Figure 3Multiplexed proteomics for co-measurement of cell migration and cytokine secretion of the same A549 (model lung carcinoma) cancer cells. (a) Light field images showing migration of three single cancer cells within microfluidic channels collected at 0 (before) and 24 (after) hours. (b) Heatmap: each column is a single-cell assay; each row is an assayed parameter. Cell migration distance (top row) is shown with the entire protein secretion profile (lower 14 rows). Approximately 1,000 single cells were assayed. (c) Scatter plots showing how the levels of three proteins (MCP-1 and IL-6) varied with cell migration distance. a.u., arbitrary units. Adapted from [30] with permission.
Figure 4Phosphoprotein signaling networks from multiplex, quantitative single-cell proteomics. All data represented are uniquely measured at the single-cell level. (a) A Monte-Carlo simulation of fluctuations that represent the copy numbers per cell of an activated (such as phosphorylated) form of a protein, as that protein is involved in increasing numbers of regulatory processes. On the right are the experimentally measured fluctuations of HIF-1α from model GBM cancer cells as these cells are exposed to different O2 partial pressures. The increasingly important role of HIF-1α under hypoxic conditions is evident. Reproduced from [45]. (b) Scatter plot showing protein-protein correlations for two phosphoproteins. The black and red dots represent measurements from 0-cell and 1-cell SCBC microchambers, respectively. Reproduced from [28]. (c) A protein-protein correlation network for model GBM cancer cells following epidermal growth factor (EGF) stimulation (top), and following EGF stimulation + erlotinib (anti-EGF receptor) inhibition (bottom).
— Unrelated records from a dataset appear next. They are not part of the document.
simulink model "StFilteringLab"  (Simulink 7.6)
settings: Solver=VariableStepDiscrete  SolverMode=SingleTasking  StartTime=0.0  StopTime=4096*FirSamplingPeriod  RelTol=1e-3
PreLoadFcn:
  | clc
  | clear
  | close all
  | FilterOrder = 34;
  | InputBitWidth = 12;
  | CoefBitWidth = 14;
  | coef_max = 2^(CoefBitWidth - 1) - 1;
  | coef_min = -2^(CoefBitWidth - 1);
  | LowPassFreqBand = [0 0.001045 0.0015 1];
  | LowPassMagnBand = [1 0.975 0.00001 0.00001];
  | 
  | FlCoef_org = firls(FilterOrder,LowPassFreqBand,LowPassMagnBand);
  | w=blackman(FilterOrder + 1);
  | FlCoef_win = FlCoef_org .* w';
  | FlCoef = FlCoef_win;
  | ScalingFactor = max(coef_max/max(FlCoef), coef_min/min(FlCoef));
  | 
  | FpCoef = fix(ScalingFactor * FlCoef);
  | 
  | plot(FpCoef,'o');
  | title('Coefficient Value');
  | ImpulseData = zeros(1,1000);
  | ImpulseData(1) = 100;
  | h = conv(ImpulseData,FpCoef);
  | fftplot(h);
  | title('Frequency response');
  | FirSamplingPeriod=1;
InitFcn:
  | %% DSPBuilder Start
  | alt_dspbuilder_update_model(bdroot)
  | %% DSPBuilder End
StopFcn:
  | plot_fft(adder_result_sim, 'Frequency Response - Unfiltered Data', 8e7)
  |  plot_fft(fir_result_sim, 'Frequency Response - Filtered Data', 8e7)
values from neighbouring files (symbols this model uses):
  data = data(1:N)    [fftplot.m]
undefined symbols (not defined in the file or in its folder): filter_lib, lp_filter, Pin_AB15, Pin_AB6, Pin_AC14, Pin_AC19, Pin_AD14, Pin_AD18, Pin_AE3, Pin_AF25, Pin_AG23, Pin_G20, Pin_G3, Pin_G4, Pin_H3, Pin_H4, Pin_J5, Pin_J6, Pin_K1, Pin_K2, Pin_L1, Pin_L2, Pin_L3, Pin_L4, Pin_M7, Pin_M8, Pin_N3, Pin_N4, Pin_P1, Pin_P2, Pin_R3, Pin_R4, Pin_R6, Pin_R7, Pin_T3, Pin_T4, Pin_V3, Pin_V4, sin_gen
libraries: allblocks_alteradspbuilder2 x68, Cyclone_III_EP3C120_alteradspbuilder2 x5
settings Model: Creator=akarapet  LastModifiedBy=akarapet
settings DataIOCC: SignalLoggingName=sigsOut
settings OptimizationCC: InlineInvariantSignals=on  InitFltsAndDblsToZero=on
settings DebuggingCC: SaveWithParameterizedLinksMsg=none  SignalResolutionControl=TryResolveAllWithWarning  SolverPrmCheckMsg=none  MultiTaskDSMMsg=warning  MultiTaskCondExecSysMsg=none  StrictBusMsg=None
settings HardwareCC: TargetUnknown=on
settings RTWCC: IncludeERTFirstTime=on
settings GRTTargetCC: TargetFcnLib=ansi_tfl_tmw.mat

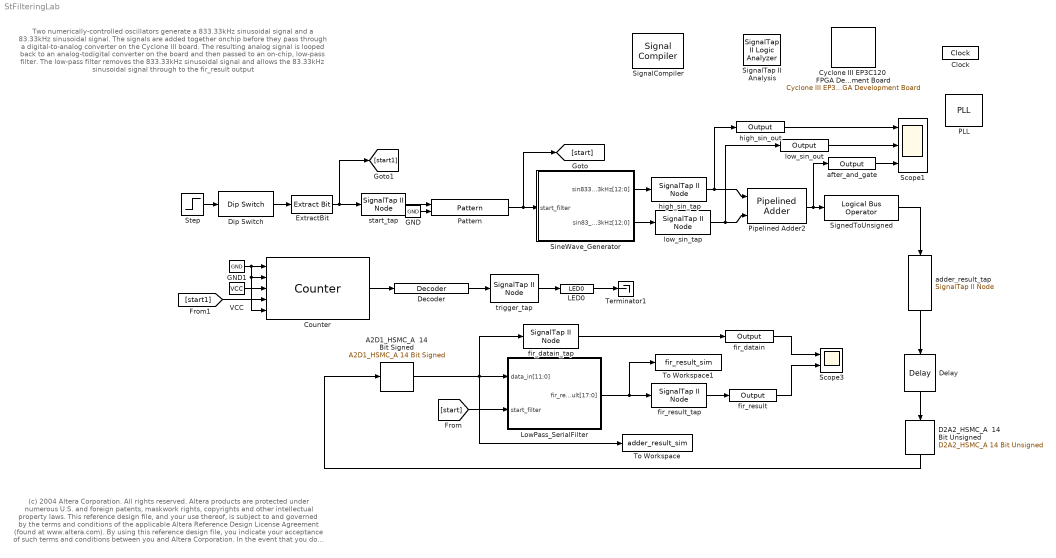
== system StFilteringLab ==
  note: (c) 2004 Altera Corporation. All rights reserved.  Altera products are protected under numerous U.S. and foreign patents, maskwork rights, copyrights and other intellectual property laws.
      | This reference design file, and your use thereof, is subject to and governed by the terms and conditions of the applicable Altera Reference Design License Agreement (found at www.altera.com).
      | By using this reference design file, you indicate your acceptance of such terms and conditions between you and Altera Corporation.
      | In the event that you do not agree with such terms and conditions, you may not use the reference design file and please promptly destroy any copies you have made.
      | This reference design file being provided on an "as-is" basis and as an accommodation and therefore all warranties, representations or guarantees of any kind (whether express, implied or statutory)
      | including, without limitation, warranties of merchantability, non-infringement, or fitness for a particular purpose, are specifically disclaimed.
      | By making this reference design file available, Altera expressly does not recommend, suggest or require that this reference design file be used in combination with any other product not provided by Altera
  note: Two numerically-controlled oscillators generate a 833.33kHz  sinusoidal
      | signal and a 83.33kHz sinusoidal signal. The signals are added together onchip
      | before they pass through a digital-to-analog converter on the Cyclone III board.
      | The resulting analog signal is looped back to an analog-todigital
      | converter on the board and then passed to an on-chip, low-pass
      | filter. The low-pass filter removes the 833.33kHz sinusoidal signal and
      | allows the 83.33kHz sinusoidal signal
      | through to the fir_result output
  A2D1_HSMC_A  14 Bit Signed : Cyclone_III_EP3C120_alteradspbuilder2/A2D1_HSMC_A 14 Bit Signed  iofile=/data/akarapet/qshell_linux64_test/p4/dsp_builder/dsp_builder2/Documentation/DesignExamples/Demos/Filters/FilteringLab/Stap/tb_StFilteringLab/StFilteringLab_A2D1%5FHSMC%5FA+%0A14+Bit+Signed.salt  externalType=Inferred  SpecifyClock=off  location=Pin_P1,Pin_P2,Pin_M7,Pin_M8,Pin_R4,Pin_R3,Pin_T3,Pin_T4,Pin_V3,Pin_V4,Pin_R6,Pin_R7,Pin_AE3,Pin_AB6
  Clock : allblocks_alteradspbuilder2/Clock  ClockPeriod=10  ClockPeriodUnit=ns  SampleTime=1  ResetLatency=0  ResetRegisterCascadeDepth=0  SimulationStartCycle=5  PhaseOffset=0  Reset=aclr  ResetType=Active Low  Export=off
  Counter : allblocks_alteradspbuilder2/Counter  BusType=Signed Integer  bwl=13  bwr=0  use_modulo=on  modulo=2^12 - 1  SpecifyClock=off  direction=Use Direction Port (updown)  use_sload=on  use_sset=off  svalue=1  use_clk_ena=on  use_ena=off  use_sclr=on  pipeline_display=1
  Cyclone III EP3C120  FPGA Development Board : Cyclone_III_EP3C120_alteradspbuilder2/Cyclone III EP3C120 FPGA Development Board  ClockPinIn=Pin_AH15  GlobalResetPin=Pin_T21  device=EP3C120F780C7
  D2A2_HSMC_A  14 Bit Unsigned : Cyclone_III_EP3C120_alteradspbuilder2/D2A2_HSMC_A 14 Bit Unsigned  iofile=/data/akarapet/qshell_linux64_test/p4/dsp_builder/dsp_builder2/Documentation/DesignExamples/Demos/Filters/FilteringLab/Stap/tb_StFilteringLab/StFilteringLab_D2A2%5FHSMC%5FA+%0A14+Bit+Unsigned.capture  externalType=Inferred  location=Pin_G3,Pin_G4,Pin_H3,Pin_H4,Pin_J5,Pin_J6,Pin_K1,Pin_K2,Pin_L1,Pin_L2,Pin_L3,Pin_L4,Pin_N3,Pin_N4
  Decoder : allblocks_alteradspbuilder2/Decoder  BusType=Signed Integer  bwl=13  bwr=0  registered=off  pipeline_display=0  value=1000
  Delay : allblocks_alteradspbuilder2/Delay  pipeline=1  pipeline_display=1  ClockPhase=1  use_ena=off  use_sclr=off  allowFloatingPointOverride=on  logOutputs=off  logFile=/data/akarapet/qshell_linux64_test/p4/dsp_builder/dsp_builder2/Documentation/DesignExamples/Demos/Filters/FilteringLab/Stap/tb_StFilteringLab/StFilteringLab_Delay.fixedpointlog  use_init=off  reset_value=1
  Dip Switch : Cyclone_III_EP3C120_alteradspbuilder2/Dip Switch  iofile=/data/akarapet/qshell_linux64_test/p4/dsp_builder/dsp_builder2/Documentation/DesignExamples/Demos/Filters/FilteringLab/Stap/tb_StFilteringLab/StFilteringLab_Dip+Switch.salt  externalType=Inferred  SpecifyClock=off  location=Pin_AC14,Pin_AD18,Pin_AG23,Pin_AC19,Pin_AD14,Pin_G20,Pin_AB15,Pin_AF25
  ExtractBit : allblocks_alteradspbuilder2/Extract Bit  BusType=Signed Fractional  bwl=8  bwr=0  bitToSelect=0  pipeline_display=0
  GND : allblocks_alteradspbuilder2/GND  SpecifyClock=off
  GND1 : allblocks_alteradspbuilder2/GND  SpecifyClock=off
  LED0 : Cyclone_III_EP3C120_alteradspbuilder2/LED0  iofile=/data/akarapet/qshell_linux64_test/p4/dsp_builder/dsp_builder2/Documentation/DesignExamples/Demos/Filters/FilteringLab/Stap/tb_StFilteringLab/StFilteringLab_LED0.capture  externalType=Inferred  location=Pin_AD15
  LowPass_SerialFilter : Subsystem  AncestorBlock=filter_lib/lp_filter
      mask Type: SubSystem AlteraBlockSet
  PLL : allblocks_alteradspbuilder2/PLL  clock_mult=[1, 1, 1, 1, 1, 1, 1, 1, 1]  clock_divide=[1, 1, 1, 1, 1, 1, 1, 1, 1]  clock_export=[1, 1, 1, 0, 0, 0, 0, 0, 0]  num_clocks=3  input_clock=Clock  use_base_clock=on
  Pattern : allblocks_alteradspbuilder2/Pattern  Sequence=100000000000  SpecifyClock=off  use_ena=on  use_sclr=on
  Pipelined Adder2 : allblocks_alteradspbuilder2/Pipelined Adder  BusType=Signed Integer  bwl=14  bwr=0  pipeline=1  pipeline_display=1  AddSubDirection=ADD  use_cin=off  use_ovl=off  use_addsub=off  use_ena=off  use_aclr=off  or_aclr_inputs=on
  Scope1 : Scope  NumInputPorts=3
      settings: YMin=-5~-5~-5  YMax=5~5~5  SaveName=ScopeData3
  Scope3 : Scope  NumInputPorts=2
      settings: YMin=-5~-5  YMax=5~5
  SignalCompiler : allblocks_alteradspbuilder2/Signal Compiler  DeviceFamily=Cyclone III  DeviceName=EP3C120F780C7  EnableSignalTap=on  SignalTapDepth=2048  UseBoardBlock=on  StpUseDefaultClock=on  StpClock=Clock  ExportDir=<binary blob, 123 chars, not shown>
  SignalTap II Analysis : allblocks_alteradspbuilder2/SignalTap II Logic Analyzer
  SignedToUnsigned : allblocks_alteradspbuilder2/Logical Bus Operator  BusType=Signed Fractional  bwl=14  bwr=0  LogicalOp_text=XOR  mask_value_num=8192  shift_amount=3  force_sign_ext=off  pipeline_display=0
  SineWave_Generator : Subsystem  AncestorBlock=filter_lib/sin_gen
      mask Type: SubSystem AlteraBlockSet
  Step : Step  SampleTime=FirSamplingPeriod
  Terminator1 : Terminator
  To Workspace : ToWorkspace  VariableName=adder_result_sim  SampleTime=FirSamplingPeriod  SaveFormat=Array
  To Workspace1 : ToWorkspace  VariableName=fir_result_sim  SampleTime=FirSamplingPeriod  SaveFormat=Array
  VCC : allblocks_alteradspbuilder2/VCC  SpecifyClock=off
  adder_result_tap : allblocks_alteradspbuilder2/SignalTap II Node  id=0
  after_and_gate : allblocks_alteradspbuilder2/Output  iofile=/data/akarapet/qshell_linux64_test/p4/dsp_builder/dsp_builder2/Documentation/DesignExamples/Demos/Filters/FilteringLab/Stap/tb_StFilteringLab/StFilteringLab_after%5Fand%5Fgate.capture  BusType=Signed Integer  bwl=14  bwr=0  externalType=Inferred  PORTTYPE=Output  allowFloatingPointOverride=on  logOutputs=off
  fir_datain : allblocks_alteradspbuilder2/Output  iofile=/data/akarapet/qshell_linux64_test/p4/dsp_builder/dsp_builder2/Documentation/DesignExamples/Demos/Filters/FilteringLab/Stap/tb_StFilteringLab/StFilteringLab_fir%5Fdatain.capture  BusType=Signed Integer  bwl=12  bwr=0  externalType=Inferred  PORTTYPE=Output  allowFloatingPointOverride=on  logOutputs=off
  fir_datain_tap : allblocks_alteradspbuilder2/SignalTap II Node  id=1
  fir_result : allblocks_alteradspbuilder2/Output  iofile=/data/akarapet/qshell_linux64_test/p4/dsp_builder/dsp_builder2/Documentation/DesignExamples/Demos/Filters/FilteringLab/Stap/tb_StFilteringLab/StFilteringLab_fir%5Fresult.capture  BusType=Signed Integer  bwl=18  bwr=0  externalType=Inferred  PORTTYPE=Output  allowFloatingPointOverride=on  logOutputs=off
  fir_result_tap : allblocks_alteradspbuilder2/SignalTap II Node  id=2
  high_sin_out : allblocks_alteradspbuilder2/Output  iofile=/data/akarapet/qshell_linux64_test/p4/dsp_builder/dsp_builder2/Documentation/DesignExamples/Demos/Filters/FilteringLab/Stap/tb_StFilteringLab/StFilteringLab_high%5Fsin%5Fout.capture  BusType=Signed Integer  bwl=13  bwr=0  externalType=Inferred  PORTTYPE=Output  allowFloatingPointOverride=on  logOutputs=off
  high_sin_tap : allblocks_alteradspbuilder2/SignalTap II Node  id=3
  low_sin_out : allblocks_alteradspbuilder2/Output  iofile=/data/akarapet/qshell_linux64_test/p4/dsp_builder/dsp_builder2/Documentation/DesignExamples/Demos/Filters/FilteringLab/Stap/tb_StFilteringLab/StFilteringLab_low%5Fsin%5Fout.capture  BusType=Signed Integer  bwl=13  bwr=0  externalType=Inferred  PORTTYPE=Output  allowFloatingPointOverride=on  logOutputs=off
  low_sin_tap : allblocks_alteradspbuilder2/SignalTap II Node  id=4
  start_tap : allblocks_alteradspbuilder2/SignalTap II Node  id=5
  trigger_tap : allblocks_alteradspbuilder2/SignalTap II Node  id=6
  wires:
  LowPass_SerialFilter/1(fir_result[17:0]) -> To Workspace1/1, fir_result_tap/1
  ExtractBit/1 -> start_tap/1, [start1]
  Step/1 -> Dip Switch/1
  GND/1 -> Pattern/2
  A2D1_HSMC_A  14 Bit Signed/1 -> LowPass_SerialFilter/1(data_in[11:0]), To Workspace/1, fir_datain_tap/1
  [start] -> LowPass_SerialFilter/2(start_filter)
  SignedToUnsigned/1 -> adder_result_tap/1
  SineWave_Generator/1(sin833_33kHz[12:0]) -> high_sin_tap/1
  SineWave_Generator/2(sin83_33kHz[12:0]) -> low_sin_tap/1
  adder_result_tap/1 -> Delay/1
  fir_result_tap/1 -> fir_result/1
  fir_result/1 -> Scope3/2
  Dip Switch/1 -> ExtractBit/1
  start_tap/1 -> Pattern/1
  high_sin_tap/1 -> Pipelined Adder2/1, high_sin_out/1
  low_sin_tap/1 -> Pipelined Adder2/2, low_sin_out/1
  [start1] -> Counter/4
  Decoder/1 -> trigger_tap/1
  Counter/1 -> Decoder/1
  trigger_tap/1 -> LED0/1
  VCC/1 -> Counter/3
  fir_datain_tap/1 -> fir_datain/1
  fir_datain/1 -> Scope3/1
  Delay/1 -> D2A2_HSMC_A  14 Bit Unsigned/1
  Pipelined Adder2/1 -> SignedToUnsigned/1, after_and_gate/1
  GND1/1 -> Counter/1, Counter/2, Counter/5
  Pattern/1 -> [start], SineWave_Generator/1(start_filter)
  high_sin_out/1 -> Scope1/1
  low_sin_out/1 -> Scope1/2
  after_and_gate/1 -> Scope1/3
  D2A2_HSMC_A  14 Bit Unsigned/1 -> A2D1_HSMC_A  14 Bit Signed/1
  LED0/1 -> Terminator1/1

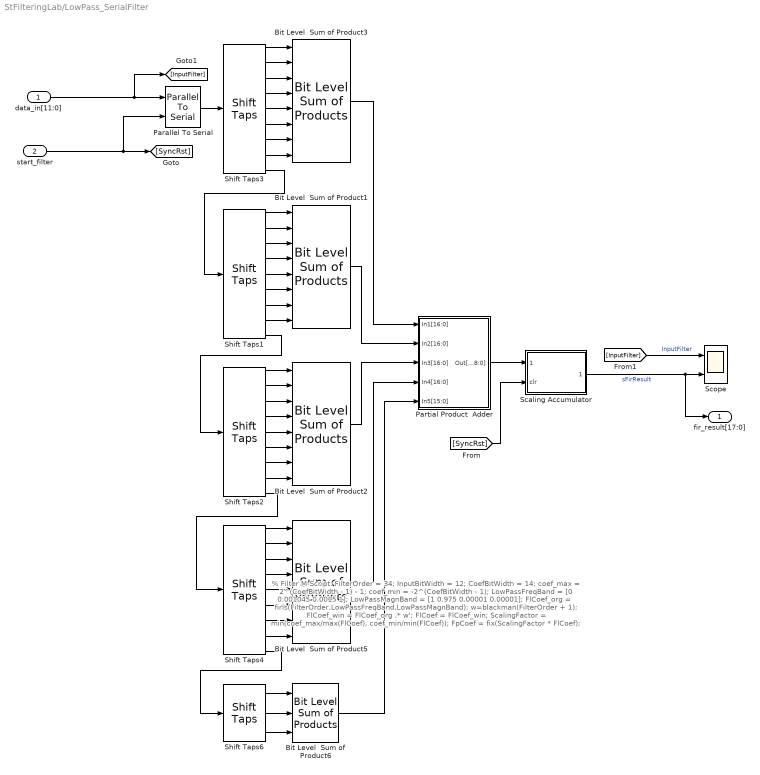
== system StFilteringLab/LowPass_SerialFilter ==
  note: % Filter M-Script:
      | FilterOrder = 34;
      | InputBitWidth = 12;
      | CoefBitWidth = 14;
      | coef_max = 2^(CoefBitWidth - 1) - 1;
      | coef_min = -2^(CoefBitWidth - 1);
      | LowPassFreqBand = [0 0.001045 0.0015 1];
      | LowPassMagnBand = [1 0.975 0.00001 0.00001];
      | FlCoef_org = firls(FilterOrder,LowPassFreqBand,LowPassMagnBand);
      | w=blackman(FilterOrder + 1);
      | FlCoef_win = FlCoef_org .* w';
      | FlCoef = FlCoef_win;
      | ScalingFactor = min(coef_max/max(FlCoef), coef_min/min(FlCoef));
      | FpCoef = fix(ScalingFactor * FlCoef);
  data_in[11:0] : Inport
  start_filter : Inport  Port=2
  Bit Level  Sum of Product1 : allblocks_alteradspbuilder2/Bit Level Sum of Products  number_of_coefficients=8  BusType=Signed Integer  bwl=14  bwr=0  coefficients=[FpCoef(9:16)]  register_inputs=off  pipeline_display=0  use_ena=off  use_sclr=off  allowFloatingPointOverride=on  logOutputs=off  logFile=/data/akarapet/qshell_linux64_test/p4/dsp_builder/dsp_builder2/Documentation/DesignExamples/Demos/Filters/FilteringLab/Stap/tb_StFilteringLab/StFilteringLab_LowPass%5FSerialFilter_Bit+Level+%0ASum+of+Product1.fixedpointlog
  Bit Level  Sum of Product2 : allblocks_alteradspbuilder2/Bit Level Sum of Products  number_of_coefficients=8  BusType=Signed Integer  bwl=14  bwr=0  coefficients=[FpCoef(17:24)]  register_inputs=off  pipeline_display=0  use_ena=off  use_sclr=off  allowFloatingPointOverride=on  logOutputs=off  logFile=/data/akarapet/qshell_linux64_test/p4/dsp_builder/dsp_builder2/Documentation/DesignExamples/Demos/Filters/FilteringLab/Stap/tb_StFilteringLab/StFilteringLab_LowPass%5FSerialFilter_Bit+Level+%0ASum+of+Product2.fixedpointlog
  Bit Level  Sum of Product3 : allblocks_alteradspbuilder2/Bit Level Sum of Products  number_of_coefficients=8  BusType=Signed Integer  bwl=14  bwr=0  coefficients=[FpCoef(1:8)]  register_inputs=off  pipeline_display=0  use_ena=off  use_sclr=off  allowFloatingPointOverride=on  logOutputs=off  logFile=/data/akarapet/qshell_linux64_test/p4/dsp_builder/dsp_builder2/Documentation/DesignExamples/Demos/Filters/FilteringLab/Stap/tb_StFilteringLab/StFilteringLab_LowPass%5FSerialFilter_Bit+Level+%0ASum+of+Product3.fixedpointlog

The weight of the network edges reflects the correlation strength, and a red edge indicates an anti-correlation. Reproduced from [27]. (d) Collective signaling modes, as determined by the eigenvectors of the single-cell protein-protein covariance matrix. Shown are the eigenvectors associated with mTORC1 signaling in model GBM cells, as pO2 is varied. The composition of the green, red, and blue eigenvectors (top plot) is given in the pie charts below for each value of pO2 investigated. The amplitude of the mTORC1 associated eigenvectors shows a minimum between 1.5% and 2% pO2, indicating the loss (and undruggability) of that signaling within this narrow window of pO2 values. Note that HIF-1α is strongly associated with mTORC1 signaling above 2% pO2, but not below 2% pO2, indicating a switch in the structure of the signaling network. The cells studied were model GBM cell lines containing the EDFR variant III (vIII) oncogene (U87 EGFRvIII; panels a, b, d) or the EGRFvIII oncogene plus loss of the phosphatase and tensin homolog (PTEN) tumor suppressor gene (EGFRvIII PTEN). Reproduced from [45] with permission.